In a log entry, I wrote, “Out here we [are] coming up with a lot of ‘I-don’t-knows.’ What kind of animal is a flashing Milk Dud, really? What was that large, poly-nose-like thing flying like a bat out of hell from behind the Titanic’s boilers? We’re never afraid of not having answers; it’s running out of questions [that] we should fear most. Being confused (‘What the hell is that?’) means some explorer is having a good day.”
The “flashing Milk Duds” and the presence of large-eyed fish near the wreck were powerful indicators that there existed bottom-dwelling creatures who used bioluminescent organs as defensive and/or predatory stun weapons. Video of cruises through the Titanic’s debris field often revealed the puff trails of animals fleeing ahead of the submersibles’ lamps or a tripod fish sitting light-stunned on its stiltlike fins.
I had a picture in my mind of creatures never seen before, swimming away from us the moment our lights began shining over the rim of a mound or a dune.

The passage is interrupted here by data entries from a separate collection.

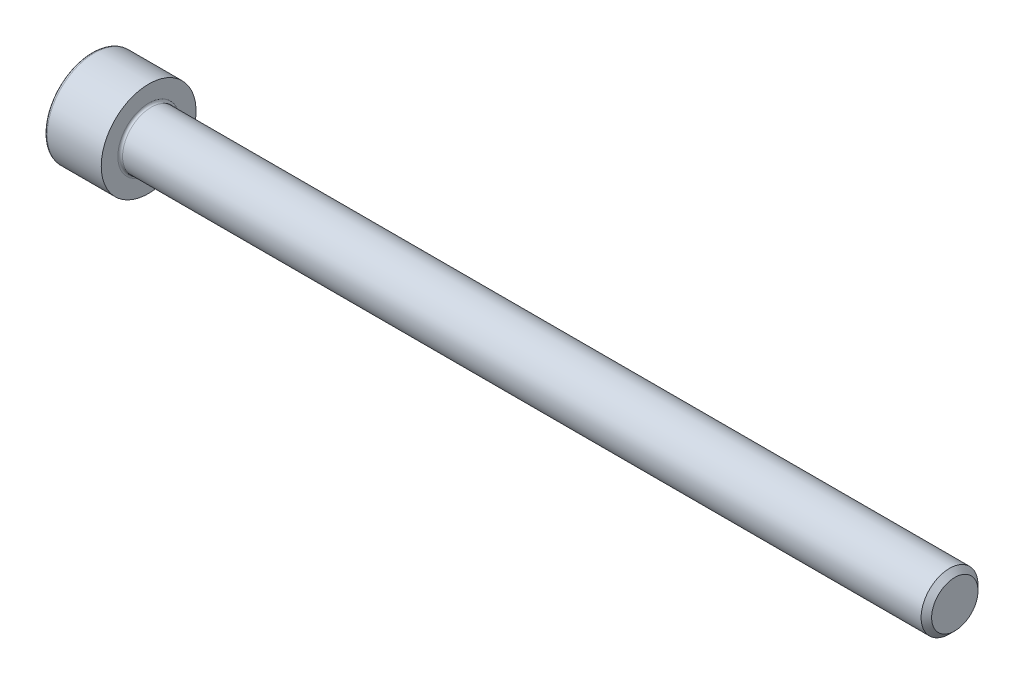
ISO-10303-21;
HEADER;
FILE_DESCRIPTION(('STEP AP214'),'2;1');
FILE_NAME('part.step','',(''),(''),'','','');
FILE_SCHEMA(('AUTOMOTIVE_DESIGN { 1 0 10303 214 1 1 1 1 }'));
ENDSEC;
DATA;
#1=APPLICATION_CONTEXT('core data for automotive mechanical design processes');
#2=APPLICATION_PROTOCOL_DEFINITION('international standard','automotive_design',2000,#1);
#3=PRODUCT_CONTEXT('',#1,'mechanical');
#4=PRODUCT('Part','Part','',(#3));
#5=PRODUCT_RELATED_PRODUCT_CATEGORY('part','',(#4));
#6=PRODUCT_DEFINITION_FORMATION('','',#4);
#7=PRODUCT_DEFINITION_CONTEXT('part definition',#1,'design');
#8=PRODUCT_DEFINITION('design','',#6,#7);
#9=PRODUCT_DEFINITION_SHAPE('','',#8);
#10=(LENGTH_UNIT() NAMED_UNIT(*) SI_UNIT(.MILLI.,.METRE.));
#11=(NAMED_UNIT(*) PLANE_ANGLE_UNIT() SI_UNIT($,.RADIAN.));
#12=(NAMED_UNIT(*) SI_UNIT($,.STERADIAN.) SOLID_ANGLE_UNIT());
#13=UNCERTAINTY_MEASURE_WITH_UNIT(LENGTH_MEASURE(1.E-05),#10,'distance_accuracy_value','');
#14=(GEOMETRIC_REPRESENTATION_CONTEXT(3) GLOBAL_UNCERTAINTY_ASSIGNED_CONTEXT((#13)) GLOBAL_UNIT_ASSIGNED_CONTEXT((#10,
#11,#12)) REPRESENTATION_CONTEXT('',''));
#15=CARTESIAN_POINT('',(0.,0.,0.));
#16=DIRECTION('',(0.,0.,1.));
#17=DIRECTION('',(1.,0.,0.));
#18=AXIS2_PLACEMENT_3D('',#15,#16,#17);
#19=CARTESIAN_POINT('',(0.,0.,0.));
#20=DIRECTION('',(-1.,0.,0.));
#21=DIRECTION('',(0.,0.,1.));
#22=AXIS2_PLACEMENT_3D('',#19,#20,#21);
#23=PLANE('',#22);
#24=DIRECTION('',(0.,-0.499999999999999,0.866025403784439));
#25=VECTOR('',#24,1.);
#26=CARTESIAN_POINT('',(0.,2.93524876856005,0.));
#27=LINE('',#26,#25);
#28=CARTESIAN_POINT('',(0.,2.93524876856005,0.));
#29=VERTEX_POINT('',#28);
#30=CARTESIAN_POINT('',(0.,1.46762438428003,2.542));
#31=VERTEX_POINT('',#30);
#32=EDGE_CURVE('E121',#29,#31,#27,.T.);
#33=ORIENTED_EDGE('',*,*,#32,.T.);
#34=DIRECTION('',(0.,1.,0.));
#35=VECTOR('',#34,1.);
#36=CARTESIAN_POINT('',(0.,-1.46762438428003,2.542));
#37=LINE('',#36,#35);
#38=CARTESIAN_POINT('',(0.,-1.46762438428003,2.542));
#39=VERTEX_POINT('',#38);
#40=EDGE_CURVE('E110',#39,#31,#37,.T.);
#41=ORIENTED_EDGE('',*,*,#40,.F.);
#42=DIRECTION('',(0.,-0.500000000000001,-0.866025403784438));
#43=VECTOR('',#42,1.);
#44=CARTESIAN_POINT('',(0.,-1.46762438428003,2.542));
#45=LINE('',#44,#43);
#46=CARTESIAN_POINT('',(0.,-2.93524876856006,0.));
#47=VERTEX_POINT('',#46);
#48=EDGE_CURVE('E120',#39,#47,#45,.T.);
#49=ORIENTED_EDGE('',*,*,#48,.T.);
#50=DIRECTION('',(0.,0.499999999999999,-0.866025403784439));
#51=VECTOR('',#50,1.);
#52=CARTESIAN_POINT('',(0.,-2.93524876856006,0.));
#53=LINE('',#52,#51);
#54=CARTESIAN_POINT('',(0.,-1.46762438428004,-2.542));
#55=VERTEX_POINT('',#54);
#56=EDGE_CURVE('E135',#47,#55,#53,.T.);
#57=ORIENTED_EDGE('',*,*,#56,.T.);
#58=DIRECTION('',(0.,-1.,0.));
#59=VECTOR('',#58,1.);
#60=CARTESIAN_POINT('',(0.,1.46762438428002,-2.542));
#61=LINE('',#60,#59);
#62=CARTESIAN_POINT('',(0.,1.46762438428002,-2.542));
#63=VERTEX_POINT('',#62);
#64=EDGE_CURVE('E138',#63,#55,#61,.T.);
#65=ORIENTED_EDGE('',*,*,#64,.F.);
#66=DIRECTION('',(0.,-0.500000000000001,-0.866025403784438));
#67=VECTOR('',#66,1.);
#68=CARTESIAN_POINT('',(0.,2.93524876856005,0.));
#69=LINE('',#68,#67);
#70=EDGE_CURVE('E130',#29,#63,#69,.T.);
#71=ORIENTED_EDGE('',*,*,#70,.F.);
#72=EDGE_LOOP('',(#33,#41,#49,#57,#65,#71));
#73=FACE_BOUND('',#72,.T.);
#74=CARTESIAN_POINT('',(0.,0.,0.));
#75=DIRECTION('',(-1.,0.,0.));
#76=DIRECTION('',(0.,0.,1.));
#77=AXIS2_PLACEMENT_3D('',#74,#75,#76);
#78=CIRCLE('',#77,4.7);
#79=CARTESIAN_POINT('',(0.,0.,4.7));
#80=VERTEX_POINT('',#79);
#81=EDGE_CURVE('E45',#80,#80,#78,.T.);
#82=ORIENTED_EDGE('',*,*,#81,.T.);
#83=EDGE_LOOP('',(#82));
#84=FACE_BOUND('',#83,.T.);
#85=ADVANCED_FACE('F38',(#73,#84),#23,.T.);
#86=CARTESIAN_POINT('',(-31.75,0.,0.));
#87=DIRECTION('',(-1.,0.,0.));
#88=DIRECTION('',(0.,0.,1.));
#89=AXIS2_PLACEMENT_3D('',#86,#87,#88);
#90=CYLINDRICAL_SURFACE('',#89,5.);
#91=CARTESIAN_POINT('',(0.300000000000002,0.,0.));
#92=DIRECTION('',(-1.,0.,0.));
#93=DIRECTION('',(0.,0.,1.));
#94=AXIS2_PLACEMENT_3D('',#91,#92,#93);
#95=CIRCLE('',#94,5.);
#96=CARTESIAN_POINT('',(0.300000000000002,0.,5.));
#97=VERTEX_POINT('',#96);
#98=EDGE_CURVE('E11',#97,#97,#95,.F.);
#99=ORIENTED_EDGE('',*,*,#98,.T.);
#100=EDGE_LOOP('',(#99));
#101=FACE_BOUND('',#100,.T.);
#102=CARTESIAN_POINT('',(6.,0.,0.));
#103=DIRECTION('',(-1.,0.,0.));
#104=DIRECTION('',(0.,0.,1.));
#105=AXIS2_PLACEMENT_3D('',#102,#103,#104);
#106=CIRCLE('',#105,5.);
#107=CARTESIAN_POINT('',(6.,0.,5.));
#108=VERTEX_POINT('',#107);
#109=EDGE_CURVE('E184',#108,#108,#106,.T.);
#110=ORIENTED_EDGE('',*,*,#109,.T.);
#111=EDGE_LOOP('',(#110));
#112=FACE_BOUND('',#111,.T.);
#113=ADVANCED_FACE('F211',(#101,#112),#90,.T.);
#114=CARTESIAN_POINT('',(6.,5.,0.));
#115=DIRECTION('',(1.,0.,0.));
#116=DIRECTION('',(0.,0.,-1.));
#117=AXIS2_PLACEMENT_3D('',#114,#115,#116);
#118=PLANE('',#117);
#119=CARTESIAN_POINT('',(6.,0.,0.));
#120=DIRECTION('',(1.,0.,0.));
#121=DIRECTION('',(0.,0.,-1.));
#122=AXIS2_PLACEMENT_3D('',#119,#120,#121);
#123=CIRCLE('',#122,3.24999999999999);
#124=CARTESIAN_POINT('',(6.,0.,-3.24999999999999));
#125=VERTEX_POINT('',#124);
#126=EDGE_CURVE('E187',#125,#125,#123,.F.);
#127=ORIENTED_EDGE('',*,*,#126,.T.);
#128=EDGE_LOOP('',(#127));
#129=FACE_BOUND('',#128,.T.);
#130=ORIENTED_EDGE('',*,*,#109,.F.);
#131=EDGE_LOOP('',(#130));
#132=FACE_BOUND('',#131,.T.);
#133=ADVANCED_FACE('F215',(#129,#132),#118,.T.);
#134=CARTESIAN_POINT('',(-31.75,0.,0.));
#135=DIRECTION('',(-1.,0.,0.));
#136=DIRECTION('',(0.,0.,1.));
#137=AXIS2_PLACEMENT_3D('',#134,#135,#136);
#138=CYLINDRICAL_SURFACE('',#137,2.99999999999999);
#139=CARTESIAN_POINT('',(6.25,0.,0.));
#140=DIRECTION('',(1.,0.,0.));
#141=DIRECTION('',(0.,0.,-1.));
#142=AXIS2_PLACEMENT_3D('',#139,#140,#141);
#143=CIRCLE('',#142,2.99999999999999);
#144=CARTESIAN_POINT('',(6.25,0.,-2.99999999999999));
#145=VERTEX_POINT('',#144);
#146=EDGE_CURVE('E190',#145,#145,#143,.T.);
#147=ORIENTED_EDGE('',*,*,#146,.T.);
#148=EDGE_LOOP('',(#147));
#149=FACE_BOUND('',#148,.T.);
#150=CARTESIAN_POINT('',(90.4455,0.,0.));
#151=DIRECTION('',(-1.,0.,0.));
#152=DIRECTION('',(0.,0.,1.));
#153=AXIS2_PLACEMENT_3D('',#150,#151,#152);
#154=CIRCLE('',#153,2.99999999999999);
#155=CARTESIAN_POINT('',(90.4455,0.,2.99999999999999));
#156=VERTEX_POINT('',#155);
#157=EDGE_CURVE('E181',#156,#156,#154,.T.);
#158=ORIENTED_EDGE('',*,*,#157,.T.);
#159=EDGE_LOOP('',(#158));
#160=FACE_BOUND('',#159,.T.);
#161=ADVANCED_FACE('F220',(#149,#160),#138,.T.);
#162=CARTESIAN_POINT('',(91.,0.,0.));
#163=DIRECTION('',(-1.,0.,0.));
#164=DIRECTION('',(0.,0.,1.));
#165=AXIS2_PLACEMENT_3D('',#162,#163,#164);
#166=CONICAL_SURFACE('',#165,2.4455,0.785398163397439);
#167=ORIENTED_EDGE('',*,*,#157,.F.);
#168=EDGE_LOOP('',(#167));
#169=FACE_BOUND('',#168,.T.);
#170=CARTESIAN_POINT('',(91.,0.,0.));
#171=DIRECTION('',(-1.,0.,0.));
#172=DIRECTION('',(0.,0.,1.));
#173=AXIS2_PLACEMENT_3D('',#170,#171,#172);
#174=CIRCLE('',#173,2.4455);
#175=CARTESIAN_POINT('',(91.,0.,2.4455));
#176=VERTEX_POINT('',#175);
#177=EDGE_CURVE('E177',#176,#176,#174,.T.);
#178=ORIENTED_EDGE('',*,*,#177,.T.);
#179=EDGE_LOOP('',(#178));
#180=FACE_BOUND('',#179,.T.);
#181=ADVANCED_FACE('F227',(#169,#180),#166,.T.);
#182=CARTESIAN_POINT('',(91.,2.4455,0.));
#183=DIRECTION('',(1.,0.,0.));
#184=DIRECTION('',(0.,0.,-1.));
#185=AXIS2_PLACEMENT_3D('',#182,#183,#184);
#186=PLANE('',#185);
#187=ORIENTED_EDGE('',*,*,#177,.F.);
#188=EDGE_LOOP('',(#187));
#189=FACE_BOUND('',#188,.T.);
#190=ADVANCED_FACE('F205',(#189),#186,.T.);
#191=CARTESIAN_POINT('',(6.25,0.,0.));
#192=DIRECTION('',(1.,0.,0.));
#193=DIRECTION('',(0.,0.,-1.));
#194=AXIS2_PLACEMENT_3D('',#191,#192,#193);
#195=TOROIDAL_SURFACE('',#194,3.24999999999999,0.25);
#196=ORIENTED_EDGE('',*,*,#146,.F.);
#197=EDGE_LOOP('',(#196));
#198=FACE_BOUND('',#197,.T.);
#199=ORIENTED_EDGE('',*,*,#126,.F.);
#200=EDGE_LOOP('',(#199));
#201=FACE_BOUND('',#200,.T.);
#202=ADVANCED_FACE('F197',(#198,#201),#195,.F.);
#203=CARTESIAN_POINT('',(0.300000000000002,0.,0.));
#204=DIRECTION('',(-1.,0.,0.));
#205=DIRECTION('',(0.,0.,1.));
#206=AXIS2_PLACEMENT_3D('',#203,#204,#205);
#207=TOROIDAL_SURFACE('',#206,4.7,0.3);
#208=ORIENTED_EDGE('',*,*,#98,.F.);
#209=EDGE_LOOP('',(#208));
#210=FACE_BOUND('',#209,.T.);
#211=ORIENTED_EDGE('',*,*,#81,.F.);
#212=EDGE_LOOP('',(#211));
#213=FACE_BOUND('',#212,.T.);
#214=ADVANCED_FACE('F195',(#210,#213),#207,.T.);
#215=CARTESIAN_POINT('',(3.,2.93524876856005,0.));
#216=DIRECTION('',(0.,-0.866025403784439,-0.499999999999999));
#217=DIRECTION('',(0.,0.499999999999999,-0.866025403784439));
#218=AXIS2_PLACEMENT_3D('',#215,#216,#217);
#219=PLANE('',#218);
#220=ORIENTED_EDGE('',*,*,#32,.F.);
#221=DIRECTION('',(-1.,0.,0.));
#222=VECTOR('',#221,1.);
#223=CARTESIAN_POINT('',(3.,2.93524876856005,0.));
#224=LINE('',#223,#222);
#225=CARTESIAN_POINT('',(3.,2.93524876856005,0.));
#226=VERTEX_POINT('',#225);
#227=EDGE_CURVE('E162',#226,#29,#224,.T.);
#228=ORIENTED_EDGE('',*,*,#227,.F.);
#229=DIRECTION('',(0.,-0.499999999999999,0.866025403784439));
#230=VECTOR('',#229,1.);
#231=CARTESIAN_POINT('',(3.,2.93524876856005,0.));
#232=LINE('',#231,#230);
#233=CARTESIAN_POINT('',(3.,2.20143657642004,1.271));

I told Anatoly Sagalevich that one thing I really wanted to try was to move along the bottom with our lights completely off, then turn them on with our cameras running “and see who is around.”
The Russian word nyet is designed to somehow mean much more than “no.” Sagalevich explained that here and there, new boulders were appearing on the bottom, boulders not on the previous year’s maps of the debris, because these boulders were being dropped randomly by icebergs each winter and spring.
“It’s easy to get killed by an iceberg down here,” Sagalevich said sternly. One did not even have to crash the ports of the crew compartment into a boulder directly. Any part capable of imploding—an external camera, a lamp—would do the killing. At the Titanic’s depth, and at six thousand pounds per square inch, a crushed lamp would implode faster than the speed of sound, creating a shock wave that could implode the other lamps, the cameras, and the crew compartment—all within less time than was required for a shout to travel the length of a New York City bus.